Production-grade systems require predictable costs. Langfuse allows us to monitor token usage in real-time.

- Constraint Efficacy: By following our “Minimum Viable Evidence” pattern, we can verify that the agent is staying within a tight token budget (typically < 2k tokens per run).
- Latency Bottlenecks: We can identify if specific tools—like read_source_definitions—are adding unnecessary delay to the MTTR.

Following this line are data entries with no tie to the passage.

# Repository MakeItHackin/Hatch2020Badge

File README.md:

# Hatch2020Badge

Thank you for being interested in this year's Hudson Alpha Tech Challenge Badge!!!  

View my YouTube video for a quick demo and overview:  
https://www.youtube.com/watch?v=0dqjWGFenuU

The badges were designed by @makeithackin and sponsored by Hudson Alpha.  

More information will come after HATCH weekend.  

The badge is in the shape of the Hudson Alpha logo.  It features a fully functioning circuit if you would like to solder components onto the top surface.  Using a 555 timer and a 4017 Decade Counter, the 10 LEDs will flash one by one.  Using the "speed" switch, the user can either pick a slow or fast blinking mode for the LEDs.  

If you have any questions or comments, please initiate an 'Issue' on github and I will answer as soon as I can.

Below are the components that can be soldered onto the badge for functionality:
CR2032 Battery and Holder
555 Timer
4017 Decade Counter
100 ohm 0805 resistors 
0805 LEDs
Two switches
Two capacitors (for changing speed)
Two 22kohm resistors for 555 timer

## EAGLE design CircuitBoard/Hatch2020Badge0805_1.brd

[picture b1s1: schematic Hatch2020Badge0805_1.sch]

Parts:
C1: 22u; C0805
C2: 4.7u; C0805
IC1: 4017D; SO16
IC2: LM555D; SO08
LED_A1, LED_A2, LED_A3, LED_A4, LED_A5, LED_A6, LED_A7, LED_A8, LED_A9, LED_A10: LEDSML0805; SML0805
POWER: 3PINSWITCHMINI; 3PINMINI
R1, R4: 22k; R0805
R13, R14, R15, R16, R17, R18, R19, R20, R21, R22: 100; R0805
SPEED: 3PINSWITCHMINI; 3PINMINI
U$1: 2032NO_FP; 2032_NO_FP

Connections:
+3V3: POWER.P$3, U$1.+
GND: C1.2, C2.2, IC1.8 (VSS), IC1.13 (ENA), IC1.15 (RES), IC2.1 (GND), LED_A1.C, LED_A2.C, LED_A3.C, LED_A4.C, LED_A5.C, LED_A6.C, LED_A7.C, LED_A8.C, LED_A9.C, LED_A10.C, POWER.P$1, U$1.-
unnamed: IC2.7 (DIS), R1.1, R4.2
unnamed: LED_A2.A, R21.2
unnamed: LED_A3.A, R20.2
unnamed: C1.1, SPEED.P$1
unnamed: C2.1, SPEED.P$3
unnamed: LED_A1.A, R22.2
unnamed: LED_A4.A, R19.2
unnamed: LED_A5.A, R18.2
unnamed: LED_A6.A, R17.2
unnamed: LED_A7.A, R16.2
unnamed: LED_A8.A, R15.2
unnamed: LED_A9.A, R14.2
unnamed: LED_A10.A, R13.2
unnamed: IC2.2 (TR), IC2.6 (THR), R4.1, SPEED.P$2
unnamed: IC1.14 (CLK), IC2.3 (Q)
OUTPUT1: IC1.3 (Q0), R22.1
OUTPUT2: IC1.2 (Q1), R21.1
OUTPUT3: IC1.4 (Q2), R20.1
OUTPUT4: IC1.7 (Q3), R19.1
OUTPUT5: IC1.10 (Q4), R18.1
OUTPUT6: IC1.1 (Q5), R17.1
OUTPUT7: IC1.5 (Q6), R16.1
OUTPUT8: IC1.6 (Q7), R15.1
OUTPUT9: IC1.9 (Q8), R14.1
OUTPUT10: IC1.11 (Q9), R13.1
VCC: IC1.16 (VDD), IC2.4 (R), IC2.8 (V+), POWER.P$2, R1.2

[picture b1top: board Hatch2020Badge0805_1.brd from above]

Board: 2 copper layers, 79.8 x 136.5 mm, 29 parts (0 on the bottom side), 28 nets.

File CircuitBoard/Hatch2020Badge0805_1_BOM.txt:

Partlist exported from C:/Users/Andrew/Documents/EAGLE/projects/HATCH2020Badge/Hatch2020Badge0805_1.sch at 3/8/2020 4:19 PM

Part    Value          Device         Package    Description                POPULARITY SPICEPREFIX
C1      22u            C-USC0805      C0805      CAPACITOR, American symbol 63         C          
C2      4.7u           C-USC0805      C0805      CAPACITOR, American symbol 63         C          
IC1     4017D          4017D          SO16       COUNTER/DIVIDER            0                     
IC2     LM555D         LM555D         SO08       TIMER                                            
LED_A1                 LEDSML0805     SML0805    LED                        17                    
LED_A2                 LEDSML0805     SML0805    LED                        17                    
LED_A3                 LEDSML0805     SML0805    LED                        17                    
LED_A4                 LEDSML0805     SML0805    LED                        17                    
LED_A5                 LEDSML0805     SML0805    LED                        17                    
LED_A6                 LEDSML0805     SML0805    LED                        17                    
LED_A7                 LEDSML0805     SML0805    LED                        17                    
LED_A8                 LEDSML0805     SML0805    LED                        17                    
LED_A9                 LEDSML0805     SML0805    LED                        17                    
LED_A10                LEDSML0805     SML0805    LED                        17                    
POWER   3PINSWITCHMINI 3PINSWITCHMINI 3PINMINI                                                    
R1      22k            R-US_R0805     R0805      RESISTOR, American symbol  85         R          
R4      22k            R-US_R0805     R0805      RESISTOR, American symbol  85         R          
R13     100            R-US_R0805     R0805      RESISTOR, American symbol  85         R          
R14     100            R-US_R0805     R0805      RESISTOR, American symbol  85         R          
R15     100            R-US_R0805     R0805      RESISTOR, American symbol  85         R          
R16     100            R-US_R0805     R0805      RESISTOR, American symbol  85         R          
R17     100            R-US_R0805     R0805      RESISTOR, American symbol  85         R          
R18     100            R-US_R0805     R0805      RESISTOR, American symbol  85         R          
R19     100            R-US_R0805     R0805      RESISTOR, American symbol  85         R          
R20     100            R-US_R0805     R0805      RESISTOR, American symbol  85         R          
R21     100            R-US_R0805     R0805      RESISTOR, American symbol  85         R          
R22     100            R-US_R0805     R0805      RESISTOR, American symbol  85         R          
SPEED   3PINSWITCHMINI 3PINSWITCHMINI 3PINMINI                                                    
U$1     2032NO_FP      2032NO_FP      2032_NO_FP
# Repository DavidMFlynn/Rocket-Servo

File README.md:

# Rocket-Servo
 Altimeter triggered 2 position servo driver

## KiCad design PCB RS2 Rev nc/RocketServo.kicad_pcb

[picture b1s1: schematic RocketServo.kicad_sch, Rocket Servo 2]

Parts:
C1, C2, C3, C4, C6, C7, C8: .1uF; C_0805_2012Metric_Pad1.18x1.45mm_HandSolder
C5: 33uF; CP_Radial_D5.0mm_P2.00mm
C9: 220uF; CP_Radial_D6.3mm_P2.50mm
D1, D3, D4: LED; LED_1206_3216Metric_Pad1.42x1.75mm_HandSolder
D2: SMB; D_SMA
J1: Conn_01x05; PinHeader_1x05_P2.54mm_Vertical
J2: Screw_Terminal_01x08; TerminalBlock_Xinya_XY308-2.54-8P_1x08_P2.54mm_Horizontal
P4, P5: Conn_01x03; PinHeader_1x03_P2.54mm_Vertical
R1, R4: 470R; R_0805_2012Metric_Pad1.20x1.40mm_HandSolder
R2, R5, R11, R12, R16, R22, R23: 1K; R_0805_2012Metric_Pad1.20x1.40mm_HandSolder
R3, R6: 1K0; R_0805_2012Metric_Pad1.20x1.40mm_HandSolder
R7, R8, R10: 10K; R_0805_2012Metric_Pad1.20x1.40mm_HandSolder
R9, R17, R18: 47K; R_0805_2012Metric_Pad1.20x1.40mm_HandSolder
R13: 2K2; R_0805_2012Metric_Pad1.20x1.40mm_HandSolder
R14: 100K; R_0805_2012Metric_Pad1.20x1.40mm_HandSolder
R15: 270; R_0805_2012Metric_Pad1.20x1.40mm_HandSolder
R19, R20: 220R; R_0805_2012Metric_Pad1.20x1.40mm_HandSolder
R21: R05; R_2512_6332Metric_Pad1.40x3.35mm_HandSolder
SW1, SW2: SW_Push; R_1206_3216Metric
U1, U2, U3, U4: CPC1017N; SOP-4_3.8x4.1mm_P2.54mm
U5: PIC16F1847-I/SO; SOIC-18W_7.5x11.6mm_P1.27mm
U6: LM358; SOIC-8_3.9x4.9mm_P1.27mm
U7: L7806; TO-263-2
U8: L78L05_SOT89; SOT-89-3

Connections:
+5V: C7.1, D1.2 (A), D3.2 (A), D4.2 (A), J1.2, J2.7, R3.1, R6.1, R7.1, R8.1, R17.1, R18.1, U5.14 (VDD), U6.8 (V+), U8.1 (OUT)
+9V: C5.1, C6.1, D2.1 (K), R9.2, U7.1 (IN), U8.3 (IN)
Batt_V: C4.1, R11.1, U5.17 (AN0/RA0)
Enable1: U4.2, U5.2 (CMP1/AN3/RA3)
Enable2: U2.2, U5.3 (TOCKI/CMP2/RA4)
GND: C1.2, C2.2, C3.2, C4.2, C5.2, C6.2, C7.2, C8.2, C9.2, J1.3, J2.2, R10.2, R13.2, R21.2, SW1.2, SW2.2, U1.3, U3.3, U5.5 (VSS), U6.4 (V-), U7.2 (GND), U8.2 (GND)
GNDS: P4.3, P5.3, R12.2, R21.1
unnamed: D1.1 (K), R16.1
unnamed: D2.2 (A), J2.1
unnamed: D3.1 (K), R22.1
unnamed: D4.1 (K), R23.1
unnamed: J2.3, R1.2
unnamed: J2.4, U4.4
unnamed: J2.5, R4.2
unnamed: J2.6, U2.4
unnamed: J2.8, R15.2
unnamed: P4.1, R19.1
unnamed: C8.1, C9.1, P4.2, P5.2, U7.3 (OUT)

The “Merge” Metric: Building the Golden Dataset
The ultimate goal is a high Merge Rate. We use Langfuse scores to track whether the human data engineer actually accepted the AI’s proposal.
- Feedback Loop: When an MR is merged, a GitLab webhook sends a score=1 to the specific Langfuse trace.
- Data Mining: Over time, these “thumbs up” traces become our Golden Dataset—a collection of verified dbt errors and their correct AI-generated fixes, perfect for future fine-tuning or regression testing.
Implementation Note:
from langfuse.decorators import observe @observe() async def dbt_ops_worker(error_log: str): # This single decorator captures all nested tool calls # and PydanticAI structured outputs automatically.
Production Hardening: Turning a Helpful Agent into a Safe System
Guardrails (non-negotiable)
- Repository Scope: The agent can only touch models/—it should never have access to profiles.yml or CI secrets.
- File Type Allowlist: Only .sql files.
- Branch Protections: Never push to main or master.
Evaluation: Proving It Works
| Metric | Target | Purpose |
| MTTR Reduction | > 40% | Measure speed gains. |
| Merge Rate | > 70% | Measure fix quality. |
| Compilation Pass Rate | > 90% | Measure syntax accuracy. |
Extending the System to “Larger Scale”
- Agent Routing: As you scale, use a “Classifier” to determine if the error is a Missing Column, a Schema Drift, or a Syntax Error, routing to specialized prompts for each.
- Shadow Mode: Run the agent in the background for a month, generating fixes but not opening MRs, to build a “Golden Dataset” for evaluation.
By versioning your agent’s traces alongside the actual human-corrected SQL that eventually merged, you create a fine-tuning dataset that can eventually be used to train a smaller, faster model (like GPT-4o-mini, Claude Haiku or an on-premise model) to perform the same task at a fraction of the cost.